Noam Shazeer, Transformer co-author, leaves Google for OpenAI; less than 2 years after $2.7B acqui-hire
Noam Shazeer, co-author of the 2017 'Attention Is All You Need' paper that introduced the Transformer architecture and Google DeepMind's VP of Engineering & Gemini co-lead, announced on June 18 that he is joining OpenAI as Lead for Architecture Research. His departure comes less than two years after Google paid approximately $2.7 billion in August 2024 to license Character.AI's technology and bring Shazeer back from the startup he co-founded. The timing underscores the difficulty even the largest tech companies face retaining elite AI researchers in an overheated talent market.

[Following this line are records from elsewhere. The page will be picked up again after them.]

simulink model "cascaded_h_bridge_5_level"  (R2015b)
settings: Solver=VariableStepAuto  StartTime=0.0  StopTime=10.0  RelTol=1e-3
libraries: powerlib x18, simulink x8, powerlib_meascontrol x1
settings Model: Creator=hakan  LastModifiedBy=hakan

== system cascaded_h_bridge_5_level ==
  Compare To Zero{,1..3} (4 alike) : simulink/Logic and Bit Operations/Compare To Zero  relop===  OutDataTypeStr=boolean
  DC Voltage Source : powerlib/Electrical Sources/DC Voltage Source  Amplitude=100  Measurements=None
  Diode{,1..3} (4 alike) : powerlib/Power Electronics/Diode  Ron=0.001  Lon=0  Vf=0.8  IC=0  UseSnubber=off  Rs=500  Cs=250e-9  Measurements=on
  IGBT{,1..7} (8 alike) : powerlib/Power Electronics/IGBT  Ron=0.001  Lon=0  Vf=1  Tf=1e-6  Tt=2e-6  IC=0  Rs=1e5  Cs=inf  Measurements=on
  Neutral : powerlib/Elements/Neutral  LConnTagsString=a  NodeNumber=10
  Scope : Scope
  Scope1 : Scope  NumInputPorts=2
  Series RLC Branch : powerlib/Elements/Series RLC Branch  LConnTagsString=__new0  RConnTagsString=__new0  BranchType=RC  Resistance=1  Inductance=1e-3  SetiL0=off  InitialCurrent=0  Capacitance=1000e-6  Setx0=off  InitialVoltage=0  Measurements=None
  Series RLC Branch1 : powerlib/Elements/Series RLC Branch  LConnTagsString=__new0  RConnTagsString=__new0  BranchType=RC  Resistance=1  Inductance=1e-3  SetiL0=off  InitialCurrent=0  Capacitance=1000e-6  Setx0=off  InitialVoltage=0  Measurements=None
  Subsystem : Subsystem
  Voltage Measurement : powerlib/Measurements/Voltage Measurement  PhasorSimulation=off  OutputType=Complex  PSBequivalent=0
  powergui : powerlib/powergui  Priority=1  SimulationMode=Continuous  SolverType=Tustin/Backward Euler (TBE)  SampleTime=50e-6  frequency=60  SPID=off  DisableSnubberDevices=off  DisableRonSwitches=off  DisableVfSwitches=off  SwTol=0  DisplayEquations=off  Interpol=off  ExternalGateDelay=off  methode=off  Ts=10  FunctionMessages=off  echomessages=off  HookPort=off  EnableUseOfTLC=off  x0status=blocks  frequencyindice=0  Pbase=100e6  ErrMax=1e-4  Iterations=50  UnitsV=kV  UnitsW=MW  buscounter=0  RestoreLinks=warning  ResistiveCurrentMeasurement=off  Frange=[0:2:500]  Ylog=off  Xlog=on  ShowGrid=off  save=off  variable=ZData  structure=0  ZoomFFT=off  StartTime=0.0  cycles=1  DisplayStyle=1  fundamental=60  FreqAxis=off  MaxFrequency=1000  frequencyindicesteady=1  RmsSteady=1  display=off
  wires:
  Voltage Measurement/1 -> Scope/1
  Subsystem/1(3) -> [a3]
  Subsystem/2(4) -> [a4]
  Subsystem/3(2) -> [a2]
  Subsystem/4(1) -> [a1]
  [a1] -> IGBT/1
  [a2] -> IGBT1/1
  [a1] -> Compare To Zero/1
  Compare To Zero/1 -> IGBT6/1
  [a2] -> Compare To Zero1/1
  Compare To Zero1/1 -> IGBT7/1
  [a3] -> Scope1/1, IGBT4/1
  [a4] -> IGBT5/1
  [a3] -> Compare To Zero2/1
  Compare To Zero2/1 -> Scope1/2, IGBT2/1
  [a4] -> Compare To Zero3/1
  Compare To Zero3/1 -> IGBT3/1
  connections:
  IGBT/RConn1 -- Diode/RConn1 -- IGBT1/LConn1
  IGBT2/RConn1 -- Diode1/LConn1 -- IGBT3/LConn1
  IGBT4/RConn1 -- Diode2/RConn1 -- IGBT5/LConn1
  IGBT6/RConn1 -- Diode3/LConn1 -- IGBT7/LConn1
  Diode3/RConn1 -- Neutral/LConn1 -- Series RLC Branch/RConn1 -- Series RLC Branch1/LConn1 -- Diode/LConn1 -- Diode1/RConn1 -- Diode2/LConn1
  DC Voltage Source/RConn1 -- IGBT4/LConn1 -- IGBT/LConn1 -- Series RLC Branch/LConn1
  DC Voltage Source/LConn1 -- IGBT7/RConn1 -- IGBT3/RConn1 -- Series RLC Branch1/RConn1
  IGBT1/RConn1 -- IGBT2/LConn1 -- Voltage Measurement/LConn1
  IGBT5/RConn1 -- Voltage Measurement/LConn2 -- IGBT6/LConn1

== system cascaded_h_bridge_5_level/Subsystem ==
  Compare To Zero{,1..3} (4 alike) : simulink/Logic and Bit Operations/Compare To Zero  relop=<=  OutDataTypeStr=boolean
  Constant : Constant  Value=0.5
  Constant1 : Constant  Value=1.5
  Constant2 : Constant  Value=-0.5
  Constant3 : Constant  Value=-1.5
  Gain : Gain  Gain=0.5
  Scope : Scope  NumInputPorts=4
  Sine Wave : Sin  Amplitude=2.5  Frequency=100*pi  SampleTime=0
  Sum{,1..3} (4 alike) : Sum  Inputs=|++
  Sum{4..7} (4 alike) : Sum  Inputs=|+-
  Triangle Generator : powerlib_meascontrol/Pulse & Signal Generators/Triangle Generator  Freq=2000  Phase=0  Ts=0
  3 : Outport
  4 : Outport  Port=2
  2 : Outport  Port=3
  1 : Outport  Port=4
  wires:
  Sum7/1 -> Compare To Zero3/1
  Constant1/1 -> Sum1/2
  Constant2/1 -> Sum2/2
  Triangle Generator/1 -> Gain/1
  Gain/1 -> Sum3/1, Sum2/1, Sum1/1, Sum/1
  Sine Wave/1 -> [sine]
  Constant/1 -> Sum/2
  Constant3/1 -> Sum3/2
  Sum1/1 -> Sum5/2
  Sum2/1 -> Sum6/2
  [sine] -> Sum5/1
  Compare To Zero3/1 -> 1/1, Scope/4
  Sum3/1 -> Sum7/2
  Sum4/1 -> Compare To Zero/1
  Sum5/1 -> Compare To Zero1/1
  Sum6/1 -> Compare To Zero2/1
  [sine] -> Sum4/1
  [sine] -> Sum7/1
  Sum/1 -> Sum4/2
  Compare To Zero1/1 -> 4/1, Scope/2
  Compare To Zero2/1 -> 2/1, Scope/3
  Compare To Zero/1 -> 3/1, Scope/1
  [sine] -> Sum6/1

Shazeer's institutional knowledge is difficult to quantify but impossible to replace quickly. He spent over two decades at Google (2000-2021), authored the paper that became the foundation of virtually every modern large language model (GPT, Gemini, Claude), designed Mixture-of-Experts and Multi-Query Attention architectures now embedded in frontier models, and was instrumental in improving Gemini's quality during 2024-2026. At OpenAI, his mandate—exploring next-generation architectures—signals the company is looking beyond incremental improvements to its GPT line. Training runs at frontier scale take months; architectural modifications require extensive validation. But Shazeer's deep understanding of what works at scale and where efficiency gains are most likely to come from is not captured in papers.
For Google, the loss adds to a troubling pattern: several co-authors of the original Transformer paper have now left to join competing ventures. Google's response to Shazeer's departure was a brief statement thanking him for contributions, with no public comment on the Gemini roadmap he was leading. For OpenAI, just 10 days after its confidential S-1 IPO filing targeting a potential $1 trillion valuation, hiring the Transformer architect sends a signal: the frontier AI race is no longer just about who has the best models today, but who can build the architectures that define the next generation.